* **Records supplied**
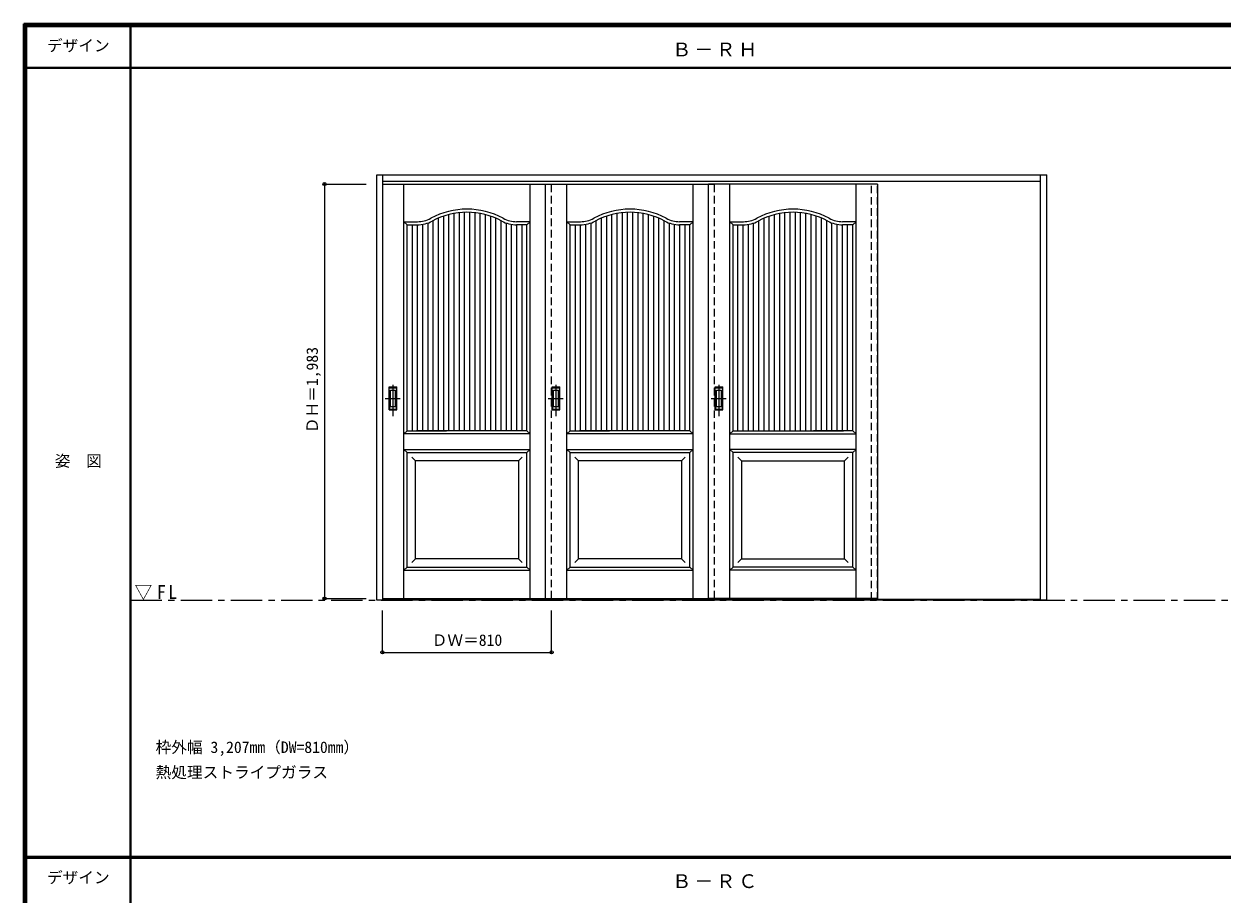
# Model space of a CAD drawing. Units: millimetres, scale not verified. Extents: x -6000 to 5700, y -4307 to 4260.
# Drawn here: x -6000 to -267, y 12 to 4175 of the extents above; entities that cross this region are included whole.
import ezdxf
from ezdxf.enums import TextEntityAlignment as Align

# ---------------------------------------------------------------- set-up
doc = ezdxf.new("R2010")
doc.units = ezdxf.units.MM
doc.header["$LTSCALE"] = 30
doc.header["$PDMODE"] = 32
doc.header["$PDSIZE"] = 15
doc.linetypes.add('CHAIN1', pattern=[8, 5, -1, 1, -1])
doc.linetypes.add('DASHED1', pattern=[1.8, 1.2, -0.6])
for name, color, linetype, lineweight in [('0-1_通り芯', 7, 'CHAIN1', 18), ('0-2_扉', 7, 'Continuous', 18), ('0-4_枠', 3, 'Continuous', 25), ('0-6_引手', 7, 'Continuous', 18), ('0-B_寸法', 4, 'Continuous', 9), ('0-C_ハッチ', 4, 'Continuous', 9), ('F-1_枠', 6, 'Continuous', 40)]:
    doc.layers.add(name, color=color, linetype=linetype, lineweight=lineweight)
doc.layers.add('0-A_文字', color=7, linetype='Continuous')
doc.layers.add('F-A_文字', color=7, linetype='Continuous')
doc.styles.add('ＭＳ ゴシック', font='')
doc.styles.get('ＭＳ ゴシック').set_extended_font_data('MS Gothic')

msp = doc.modelspace()

# ---------------------------------------------------------------- linework, layer by layer
at = {"layer": '0-1_通り芯'}
msp.add_line((-5490, 1418), (5690, 1418), dxfattribs=at)
at = {"layer": '0-2_扉', "color": 4, "linetype": 'DASHED1', "lineweight": 9}
for p, q in [((-4285, 3409), (-4285, 1426)), ((-4282, 3409), (-4285, 3409)), ((-3475, 1426), (-3475, 3409)), ((-2695, 1426), (-2695, 3409)), ((-1945, 1421), (-1945, 3423)), ((-1915, 1421), (-1915, 3423)), ((-4282, 1426), (-4285, 1426))]:
    msp.add_line(p, q, dxfattribs=at)
at = {"layer": '0-2_扉'}
for p, q in [((-4282, 3409), (-3475, 3409)), ((-4181.5, 1426), (-4181.5, 3409)), ((-3578.5, 1426), (-3578.5, 3409)), ((-3505, 1426), (-3505, 3409)), ((-3505, 3409), (-2695, 3409)), ((-3401.5, 1426), (-3401.5, 3409)), ((-2798.5, 1426), (-2798.5, 3409)), ((-2725, 1426), (-2725, 3409)), ((-1915, 3409), (-2725, 3409)), ((-2621.5, 1426), (-2621.5, 3409)), ((-2018.5, 1426), (-2018.5, 3409)), ((-4166.5, 3214), (-4181.5, 3229)), ((-4181.5, 3229), (-4117.49, 3229)), ((-4166.5, 2360.24), (-4166.5, 3214)), ((-4166.5, 3214), (-4117.49, 3214)), ((-3578.5, 3229), (-3642.51, 3229)), ((-3593.5, 3214), (-3642.51, 3214)), ((-3593.5, 3214), (-3578.5, 3229)), ((-3593.5, 2229), (-3593.5, 3214)), ((-3386.5, 3214), (-3401.5, 3229)), ((-3401.5, 3229), (-3337.49, 3229)), ((-3386.5, 2360.24), (-3386.5, 3214)), ((-3386.5, 3214), (-3337.49, 3214)), ((-2798.5, 3229), (-2862.51, 3229)), ((-2813.5, 3214), (-2862.51, 3214)), ((-2813.5, 3214), (-2798.5, 3229)), ((-2813.5, 2229), (-2813.5, 3214)), ((-2606.5, 3214), (-2621.5, 3229)), ((-2621.5, 3229), (-2557.49, 3229)), ((-2606.5, 2229), (-2606.5, 3214)), ((-2606.5, 3214), (-2557.49, 3214)), ((-2018.5, 3229), (-2082.51, 3229)), ((-2033.5, 3214), (-2082.51, 3214)), ((-2033.5, 3214), (-2018.5, 3229)), ((-2033.5, 2360.24), (-2033.5, 3214)), ((-4166.31, 3091), (-4166.5, 3091)), ((-3386.31, 3091), (-3386.5, 3091)), ((-2033.69, 3091), (-2033.5, 3091)), ((-4166.5, 2229), (-4166.5, 2371.05)), ((-3386.5, 2229), (-3386.5, 2371.05)), ((-2033.5, 2229), (-2033.5, 2371.05)), ((-4181.5, 2214), (-4166.5, 2229)), ((-3578.5, 2214), (-4181.5, 2214)), ((-4166.5, 2229), (-3977.5, 2229)), ((-3593.5, 2229), (-4121.5, 2229)), ((-3593.5, 2229), (-3578.5, 2214)), ((-3401.5, 2214), (-3386.5, 2229)), ((-2798.5, 2214), (-3401.5, 2214)), ((-3386.5, 2229), (-3197.5, 2229)), ((-2813.5, 2229), (-3341.5, 2229)), ((-2813.5, 2229), (-2798.5, 2214)), ((-2606.5, 2229), (-2621.5, 2214)), ((-2621.5, 2214), (-2018.5, 2214)), ((-2606.5, 2229), (-2078.5, 2229)), ((-2033.5, 2229), (-2222.5, 2229)), ((-2018.5, 2214), (-2033.5, 2229)), ((-4181.5, 2139), (-4166.5, 2124)), ((-4181.5, 2139), (-3578.5, 2139)), ((-4166.5, 1576), (-4166.5, 2124)), ((-4166.5, 2124), (-3593.5, 2124)), ((-3593.5, 2124), (-3578.5, 2139)), ((-3593.5, 1576), (-3593.5, 2124)), ((-3401.5, 2139), (-3386.5, 2124)), ((-3401.5, 2139), (-2798.5, 2139)), ((-3386.5, 1576), (-3386.5, 2124)), ((-3386.5, 2124), (-2813.5, 2124)), ((-2813.5, 2124), (-2798.5, 2139)), ((-2813.5, 1576), (-2813.5, 2124)), ((-2606.5, 2124), (-2621.5, 2139)), ((-2018.5, 2139), (-2621.5, 2139)), ((-2606.5, 1576), (-2606.5, 2124)), ((-2033.5, 2124), (-2606.5, 2124)), ((-2018.5, 2139), (-2033.5, 2124)), ((-2033.5, 1576), (-2033.5, 2124)), ((-4126.46, 2084), (-4144.14, 2101.68)), ((-4126.5, 1616), (-4126.5, 2084)), ((-3633.5, 2084), (-4126.5, 2084)), ((-3633.5, 2084), (-3615.82, 2101.68)), ((-3633.5, 2084), (-3633.5, 1616)), ((-3346.46, 2084), (-3364.14, 2101.68)), ((-3346.5, 1616), (-3346.5, 2084)), ((-2853.5, 2084), (-3346.5, 2084)), ((-2853.5, 2084), (-2835.82, 2101.68)), ((-2853.5, 2084), (-2853.5, 1616)), ((-2566.5, 2084), (-2584.18, 2101.68)), ((-2566.5, 2084), (-2566.5, 1616)), ((-2566.5, 2084), (-2073.5, 2084)), ((-2073.54, 2084), (-2055.86, 2101.68)), ((-2073.5, 1616), (-2073.5, 2084)), ((-4126.5, 1616), (-4144.18, 1598.32)), ((-4126.5, 1616), (-4126.5, 1617.43)), ((-3633.5, 1616), (-4126.5, 1616)), ((-3633.5, 1616), (-3615.82, 1598.32)), ((-3346.5, 1616), (-3364.18, 1598.32)), ((-3346.5, 1616), (-3346.5, 1617.43)), ((-2853.5, 1616), (-3346.5, 1616)), ((-2853.5, 1616), (-2835.82, 1598.32)), ((-2566.5, 1616), (-2584.18, 1598.32)), ((-2566.5, 1616), (-2073.5, 1616)), ((-2073.5, 1616), (-2073.5, 1617.43)), ((-2073.5, 1616), (-2055.82, 1598.32)), ((-4166.5, 1576), (-4181.5, 1561)), ((-4181.5, 1561), (-3578.5, 1561)), ((-4166.5, 1576), (-3593.5, 1576)), ((-3593.5, 1576), (-3578.5, 1561)), ((-3386.5, 1576), (-3401.5, 1561)), ((-3401.5, 1561), (-2798.5, 1561)), ((-3386.5, 1576), (-2813.5, 1576)), ((-2813.5, 1576), (-2798.5, 1561)), ((-2606.5, 1576), (-2621.5, 1561)), ((-2018.5, 1561), (-2621.5, 1561)), ((-2033.5, 1576), (-2606.5, 1576)), ((-2033.5, 1576), (-2018.5, 1561)), ((-4282, 1426), (-3475, 1426)), ((-3505, 1426), (-2695, 1426))]:
    msp.add_line(p, q, dxfattribs=at)
at = {"layer": '0-2_扉', "color": 3, "lineweight": 25}
msp.add_line((-2725, 1418), (-2695, 1418), dxfattribs=at)
at = {"layer": '0-2_扉'}
msp.add_lwpolyline([(-1915, 3409), (-1915, 1426), (-2725, 1426)], dxfattribs=at)
for centre, radius, start, end in [((-3880, 2924), 365, 61.6423, 118.3577), ((-3880, 2924), 350, 61.6423, 118.3577), ((-3100, 2924), 365, 61.6423, 118.3577), ((-3100, 2924), 350, 61.6423, 118.3577), ((-2320, 2924), 365, 61.6423, 118.3577), ((-2320, 2924), 350, 61.6423, 118.3577), ((-4117.49, 3364), 135, 270, 298.3577), ((-4117.49, 3364), 150, 270, 298.3577), ((-3642.51, 3364), 150, 241.6423, 270), ((-3642.51, 3364), 135, 241.6423, 270), ((-3337.49, 3364), 135, 270, 298.3577), ((-3337.49, 3364), 150, 270, 298.3577), ((-2862.51, 3364), 150, 241.6423, 270), ((-2862.51, 3364), 135, 241.6423, 270), ((-2557.49, 3364), 135, 270, 298.3577), ((-2557.49, 3364), 150, 270, 298.3577), ((-2082.51, 3364), 150, 241.6423, 270), ((-2082.51, 3364), 135, 241.6423, 270)]:
    msp.add_arc(centre, radius, start, end, dxfattribs=at)
at = {"layer": '0-4_枠'}
for p, q in [((-4312, 3453), (-1105, 3453)), ((-4282, 1418), (-4282, 3453)), ((-1135, 1418), (-1135, 3453)), ((-1105, 1418), (-1105, 3453)), ((-4282, 3423), (-1135, 3423)), ((-1135, 1421), (-4282, 1421)), ((-1135, 1418), (-4282, 1418)), ((-1105, 1418), (-1135, 1418))]:
    msp.add_line(p, q, dxfattribs=at)
msp.add_lwpolyline([(-4282, 1418), (-4312, 1418), (-4312, 3453)], dxfattribs=at)
at = {"layer": '0-6_引手', "linetype": 'CHAIN1'}
for p, q in [((-4234, 2298.27), (-4234, 2469.12)), ((-3454, 2298.27), (-3454, 2469.12)), ((-2674, 2298.27), (-2674, 2469.12)), ((-4272.07, 2383.5), (-4199.56, 2383.5)), ((-3492.07, 2383.5), (-3419.56, 2383.5)), ((-2712.07, 2383.5), (-2639.56, 2383.5))]:
    msp.add_line(p, q, dxfattribs=at)
at = {"layer": '0-6_引手'}
for p, q in [((-4253, 2438.5), (-4215, 2438.5)), ((-4253, 2328.5), (-4253, 2438.5)), ((-4246.5, 2422.5), (-4221.5, 2422.5)), ((-4246.5, 2344.5), (-4246.5, 2422.5)), ((-4221.5, 2344.5), (-4221.5, 2422.5)), ((-4215, 2328.5), (-4215, 2438.5)), ((-3473, 2438.5), (-3435, 2438.5)), ((-3473, 2328.5), (-3473, 2438.5)), ((-3466.5, 2422.5), (-3441.5, 2422.5)), ((-3466.5, 2344.5), (-3466.5, 2422.5)), ((-3441.5, 2344.5), (-3441.5, 2422.5)), ((-3435, 2328.5), (-3435, 2438.5)), ((-2693, 2438.5), (-2655, 2438.5)), ((-2693, 2328.5), (-2693, 2438.5)), ((-2686.5, 2422.5), (-2661.5, 2422.5)), ((-2686.5, 2344.5), (-2686.5, 2422.5)), ((-2661.5, 2344.5), (-2661.5, 2422.5)), ((-2655, 2328.5), (-2655, 2438.5)), ((-4253, 2328.5), (-4215, 2328.5)), ((-4246.5, 2344.5), (-4221.5, 2344.5)), ((-3473, 2328.5), (-3435, 2328.5)), ((-3466.5, 2344.5), (-3441.5, 2344.5)), ((-2693, 2328.5), (-2655, 2328.5)), ((-2686.5, 2344.5), (-2661.5, 2344.5))]:
    msp.add_line(p, q, dxfattribs=at)
at = {"layer": '0-6_引手', "linetype": 'DASHED1'}
for p, q in [((-4218, 2332.5), (-4218, 2434.5)), ((-3438, 2332.5), (-3438, 2434.5)), ((-2658, 2332.5), (-2658, 2434.5)), ((-4250, 2332.5), (-4218, 2332.5)), ((-3470, 2332.5), (-3438, 2332.5)), ((-2690, 2332.5), (-2658, 2332.5))]:
    msp.add_line(p, q, dxfattribs=at)
for points in [[(-4250, 2332.5), (-4250, 2434.5), (-4218, 2434.5)], [(-3470, 2332.5), (-3470, 2434.5), (-3438, 2434.5)], [(-2690, 2332.5), (-2690, 2434.5), (-2658, 2434.5)]]:
    msp.add_lwpolyline(points, dxfattribs=at)
at = {"layer": '0-B_寸法'}
for p, q in [((-4562, 3409), (-4362, 3409)), ((-4562, 3409), (-4562, 1426)), ((-4562, 1426), (-4362, 1426)), ((-4285, 1168), (-4285, 1368)), ((-3475, 1168), (-3475, 1368)), ((-4285, 1168), (-3475, 1168))]:
    msp.add_line(p, q, dxfattribs=at)
at = {"layer": '0-B_寸法', "color": 7}
for p in [(-4562, 3409), (-4562, 1426), (-4285, 1168), (-3475, 1168)]:
    msp.add_point(p, dxfattribs=at)
at = {"layer": '0-C_ハッチ'}
for p, q in [((-3941.5, 2229), (-3941.5, 3268.56)), ((-3916.5, 2229), (-3916.5, 3272.09)), ((-3891.5, 2229), (-3891.5, 3273.81)), ((-3866.5, 2229), (-3866.5, 3273.74)), ((-3841.5, 2229), (-3841.5, 3271.88)), ((-3816.5, 2229), (-3816.5, 3268.19)), ((-3161.5, 2229), (-3161.5, 3268.56)), ((-3136.5, 2229), (-3136.5, 3272.09)), ((-3111.5, 2229), (-3111.5, 3273.81)), ((-3086.5, 2229), (-3086.5, 3273.74)), ((-3061.5, 2229), (-3061.5, 3271.88)), ((-3036.5, 2229), (-3036.5, 3268.19)), ((-2383.5, 2229), (-2383.5, 3268.19)), ((-2358.5, 2229), (-2358.5, 3271.88)), ((-2333.5, 2229), (-2333.5, 3273.74)), ((-2308.5, 2229), (-2308.5, 3273.81)), ((-2283.5, 2229), (-2283.5, 3272.09)), ((-2258.5, 2229), (-2258.5, 3268.56)), ((-4141.5, 2229), (-4141.5, 3214)), ((-4116.5, 2229), (-4116.5, 3215.25)), ((-4091.5, 2229), (-4091.5, 3216.27)), ((-4066.5, 2229), (-4066.5, 3222.93)), ((-4041.5, 2229), (-4041.5, 3234.52)), ((-4016.5, 2229), (-4016.5, 3246.29)), ((-3991.5, 2229), (-3991.5, 3255.77)), ((-3966.5, 2229), (-3966.5, 3263.15)), ((-3791.5, 2229), (-3791.5, 3262.63)), ((-3766.5, 2229), (-3766.5, 3255.09)), ((-3741.5, 2229), (-3741.5, 3245.43)), ((-3716.5, 2229), (-3716.5, 3233.47)), ((-3691.5, 2229), (-3691.5, 3222.23)), ((-3666.5, 2229), (-3666.5, 3215.93)), ((-3641.5, 2229), (-3641.5, 3214)), ((-3616.5, 2229), (-3616.5, 3214.25)), ((-3361.5, 2229), (-3361.5, 3214)), ((-3336.5, 2229), (-3336.5, 3215.25)), ((-3311.5, 2229), (-3311.5, 3216.27)), ((-3286.5, 2229), (-3286.5, 3222.93)), ((-3261.5, 2229), (-3261.5, 3234.52)), ((-3236.5, 2229), (-3236.5, 3246.29)), ((-3211.5, 2229), (-3211.5, 3255.77)), ((-3186.5, 2229), (-3186.5, 3263.15)), ((-3011.5, 2229), (-3011.5, 3262.63)), ((-2986.5, 2229), (-2986.5, 3255.09)), ((-2961.5, 2229), (-2961.5, 3245.43)), ((-2936.5, 2229), (-2936.5, 3233.47)), ((-2911.5, 2229), (-2911.5, 3222.23)), ((-2886.5, 2229), (-2886.5, 3215.93)), ((-2861.5, 2229), (-2861.5, 3214)), ((-2836.5, 2229), (-2836.5, 3214.25)), ((-2583.5, 2229), (-2583.5, 3214.25)), ((-2558.5, 2229), (-2558.5, 3214)), ((-2533.5, 2229), (-2533.5, 3215.93)), ((-2508.5, 2229), (-2508.5, 3222.23)), ((-2483.5, 2229), (-2483.5, 3233.47)), ((-2458.5, 2229), (-2458.5, 3245.43)), ((-2433.5, 2229), (-2433.5, 3255.09)), ((-2408.5, 2229), (-2408.5, 3262.63)), ((-2233.5, 2229), (-2233.5, 3263.15)), ((-2208.5, 2229), (-2208.5, 3255.77)), ((-2183.5, 2229), (-2183.5, 3246.29)), ((-2158.5, 2229), (-2158.5, 3234.52)), ((-2133.5, 2229), (-2133.5, 3222.93)), ((-2108.5, 2229), (-2108.5, 3216.27)), ((-2083.5, 2229), (-2083.5, 3215.25)), ((-2058.5, 2229), (-2058.5, 3214))]:
    msp.add_line(p, q, dxfattribs=at)
at = {"layer": 'F-1_枠'}
for p, q in [((-6000, 4175), (5700, 4175)), ((-6000, 4175), (-6000, -4205)), ((-6000, 4170), (5700, 4170)), ((-6000, 4165), (5700, 4165)), ((-5995, 4175), (-5995, -4205)), ((-5990, 4175), (-5990, -4205)), ((-5490, 4175), (-5490, -3790)), ((-6000, 3965), (5700, 3965)), ((-6000, 190.5), (5700, 190.5)), ((-6000, 187.5), (5700, 187.5)), ((-6000, 184.5), (5700, 184.5))]:
    msp.add_line(p, q, dxfattribs=at)

# ---------------------------------------------------------------- texts
at = {"layer": '0-A_文字', "style": 'ＭＳ ゴシック'}
for s, p in [('枠外幅 3,207mm（DW=810mm）', (-5370, 670.5)), ('熱処理ストライプガラス', (-5370, 550.5))]:
    msp.add_text(s, height=54.99, dxfattribs=at).set_placement(p, align=Align.BOTTOM_LEFT)
at = {"layer": '0-A_文字', "char_height": 65.98, "attachment_point": 7, "style": 'ＭＳ ゴシック'}
for s, insert in [('\\T1.17;Ｂ－ＲＨ', (-2897.5, 4020)), ('\\T1.26;\\W0.95;▽FL', (-5471.25, 1418)), ('\\T1.17;Ｂ－ＲＣ', (-2897.5, 39.5))]:
    msp.add_mtext(s, dxfattribs=dict(at, insert=insert))
at = {"layer": '0-B_寸法', "color": 7, "style": 'ＭＳ ゴシック'}
msp.add_text('ＤＨ＝1,983', height=54.99, rotation=90, dxfattribs=at).set_placement((-4577, 2217.25), align=Align.BOTTOM_LEFT)
msp.add_text('ＤＷ＝810', height=54.99, dxfattribs=at).set_placement((-4048.75, 1183), align=Align.BOTTOM_LEFT)
at = {"layer": 'F-A_文字', "style": 'ＭＳ ゴシック'}
for s, p in [('デザイン', (-5890, 4027.5)), ('姿\u3000図', (-5852.5, 2040.25)), ('デザイン', (-5890, 47))]:
    msp.add_text(s, height=54.99, dxfattribs=at).set_placement(p, align=Align.BOTTOM_LEFT)

doc.saveas('drawing.dxf')

* **What you need to do**
Each line of the entries holding the string "lineweight" should be found and copied.

* **Result below**
for name, color, linetype, lineweight in [('0-1_通り芯', 7, 'CHAIN1', 18), ('0-2_扉', 7, 'Continuous', 18), ('0-4_枠', 3, 'Continuous', 25), ('0-6_引手', 7, 'Continuous', 18), ('0-B_寸法', 4, 'Continuous', 9), ('0-C_ハッチ', 4, 'Continuous', 9), ('F-1_枠', 6, 'Continuous', 40)]:
    doc.layers.add(name, color=color, linetype=linetype, lineweight=lineweight)
at = {"layer": '0-2_扉', "color": 4, "linetype": 'DASHED1', "lineweight": 9}
at = {"layer": '0-2_扉', "color": 3, "lineweight": 25}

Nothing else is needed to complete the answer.